• [WHAT IS EXPECTED]
Restate the records so that not a single word differs.

• [AVAILABLE DATA]
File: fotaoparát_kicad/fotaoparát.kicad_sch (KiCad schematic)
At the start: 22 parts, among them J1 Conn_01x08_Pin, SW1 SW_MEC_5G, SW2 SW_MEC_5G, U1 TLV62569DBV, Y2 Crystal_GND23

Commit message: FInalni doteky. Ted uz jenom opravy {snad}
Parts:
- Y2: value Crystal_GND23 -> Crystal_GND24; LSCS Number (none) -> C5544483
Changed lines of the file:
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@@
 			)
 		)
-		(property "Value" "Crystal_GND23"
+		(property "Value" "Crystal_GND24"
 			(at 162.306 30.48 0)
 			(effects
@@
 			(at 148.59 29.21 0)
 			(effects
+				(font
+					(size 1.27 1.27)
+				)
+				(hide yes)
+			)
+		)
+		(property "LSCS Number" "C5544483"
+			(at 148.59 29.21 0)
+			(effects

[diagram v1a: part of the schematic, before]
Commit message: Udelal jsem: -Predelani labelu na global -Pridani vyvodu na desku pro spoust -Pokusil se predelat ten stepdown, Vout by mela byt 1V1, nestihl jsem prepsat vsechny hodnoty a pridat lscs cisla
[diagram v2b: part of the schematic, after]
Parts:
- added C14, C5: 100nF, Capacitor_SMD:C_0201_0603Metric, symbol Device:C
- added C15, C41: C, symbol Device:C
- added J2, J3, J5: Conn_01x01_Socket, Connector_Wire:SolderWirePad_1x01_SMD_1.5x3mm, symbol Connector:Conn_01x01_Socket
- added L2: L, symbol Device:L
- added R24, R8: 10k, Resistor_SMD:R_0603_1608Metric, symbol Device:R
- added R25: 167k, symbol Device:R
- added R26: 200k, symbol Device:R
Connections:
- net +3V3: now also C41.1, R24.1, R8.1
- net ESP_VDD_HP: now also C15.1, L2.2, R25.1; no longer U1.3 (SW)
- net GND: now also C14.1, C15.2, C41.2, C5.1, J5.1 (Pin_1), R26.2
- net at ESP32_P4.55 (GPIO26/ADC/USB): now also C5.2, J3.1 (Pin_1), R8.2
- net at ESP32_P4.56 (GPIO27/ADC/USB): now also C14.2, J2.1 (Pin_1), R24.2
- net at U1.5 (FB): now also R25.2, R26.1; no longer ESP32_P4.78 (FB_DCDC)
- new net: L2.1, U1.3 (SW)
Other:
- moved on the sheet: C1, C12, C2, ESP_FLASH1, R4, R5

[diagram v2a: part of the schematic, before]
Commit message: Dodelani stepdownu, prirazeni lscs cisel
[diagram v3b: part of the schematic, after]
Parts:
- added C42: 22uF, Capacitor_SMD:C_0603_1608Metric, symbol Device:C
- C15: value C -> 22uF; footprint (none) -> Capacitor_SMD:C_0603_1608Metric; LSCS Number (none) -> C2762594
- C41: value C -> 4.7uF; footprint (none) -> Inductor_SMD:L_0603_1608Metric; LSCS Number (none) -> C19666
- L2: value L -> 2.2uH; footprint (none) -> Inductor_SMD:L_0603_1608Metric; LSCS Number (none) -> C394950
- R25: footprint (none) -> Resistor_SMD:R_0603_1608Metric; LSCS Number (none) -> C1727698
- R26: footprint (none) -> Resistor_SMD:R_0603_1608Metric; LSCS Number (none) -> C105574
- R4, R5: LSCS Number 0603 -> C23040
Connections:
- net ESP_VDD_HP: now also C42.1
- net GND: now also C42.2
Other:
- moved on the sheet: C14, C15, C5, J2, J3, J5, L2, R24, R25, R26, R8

• [SOLUTION]
File: fotaoparát_kicad/fotaoparát.kicad_sch (KiCad schematic)
At the start: 22 parts, among them J1 Conn_01x08_Pin, SW1 SW_MEC_5G, SW2 SW_MEC_5G, U1 TLV62569DBV, Y2 Crystal_GND23

Commit message: FInalni doteky. Ted uz jenom opravy {snad}
Parts:
- Y2: value Crystal_GND23 -> Crystal_GND24; LSCS Number (none) -> C5544483
Changed lines of the file:
@@
 			)
 		)
-		(property "Value" "Crystal_GND23"
+		(property "Value" "Crystal_GND24"
 			(at 162.306 30.48 0)
 			(effects
@@
 			(at 148.59 29.21 0)
 			(effects
+				(font
+					(size 1.27 1.27)
+				)
+				(hide yes)
+			)
+		)
+		(property "LSCS Number" "C5544483"
+			(at 148.59 29.21 0)
+			(effects

[diagram v1a: part of the schematic, before]
Commit message: Udelal jsem: -Predelani labelu na global -Pridani vyvodu na desku pro spoust -Pokusil se predelat ten stepdown, Vout by mela byt 1V1, nestihl jsem prepsat vsechny hodnoty a pridat lscs cisla
[diagram v2b: part of the schematic, after]
Parts:
- added C14, C5: 100nF, Capacitor_SMD:C_0201_0603Metric, symbol Device:C
- added C15, C41: C, symbol Device:C
- added J2, J3, J5: Conn_01x01_Socket, Connector_Wire:SolderWirePad_1x01_SMD_1.5x3mm, symbol Connector:Conn_01x01_Socket
- added L2: L, symbol Device:L
- added R24, R8: 10k, Resistor_SMD:R_0603_1608Metric, symbol Device:R
- added R25: 167k, symbol Device:R
- added R26: 200k, symbol Device:R
Connections:
- net +3V3: now also C41.1, R24.1, R8.1
- net ESP_VDD_HP: now also C15.1, L2.2, R25.1; no longer U1.3 (SW)
- net GND: now also C14.1, C15.2, C41.2, C5.1, J5.1 (Pin_1), R26.2
- net at ESP32_P4.55 (GPIO26/ADC/USB): now also C5.2, J3.1 (Pin_1), R8.2
- net at ESP32_P4.56 (GPIO27/ADC/USB): now also C14.2, J2.1 (Pin_1), R24.2
- net at U1.5 (FB): now also R25.2, R26.1; no longer ESP32_P4.78 (FB_DCDC)
- new net: L2.1, U1.3 (SW)
Other:
- moved on the sheet: C1, C12, C2, ESP_FLASH1, R4, R5

[diagram v2a: part of the schematic, before]
Commit message: Dodelani stepdownu, prirazeni lscs cisel
[diagram v3b: part of the schematic, after]
Parts:
- added C42: 22uF, Capacitor_SMD:C_0603_1608Metric, symbol Device:C
- C15: value C -> 22uF; footprint (none) -> Capacitor_SMD:C_0603_1608Metric; LSCS Number (none) -> C2762594
- C41: value C -> 4.7uF; footprint (none) -> Inductor_SMD:L_0603_1608Metric; LSCS Number (none) -> C19666
- L2: value L -> 2.2uH; footprint (none) -> Inductor_SMD:L_0603_1608Metric; LSCS Number (none) -> C394950
- R25: footprint (none) -> Resistor_SMD:R_0603_1608Metric; LSCS Number (none) -> C1727698
- R26: footprint (none) -> Resistor_SMD:R_0603_1608Metric; LSCS Number (none) -> C105574
- R4, R5: LSCS Number 0603 -> C23040
Connections:
- net ESP_VDD_HP: now also C42.1
- net GND: now also C42.2
Other:
- moved on the sheet: C14, C15, C5, J2, J3, J5, L2, R24, R25, R26, R8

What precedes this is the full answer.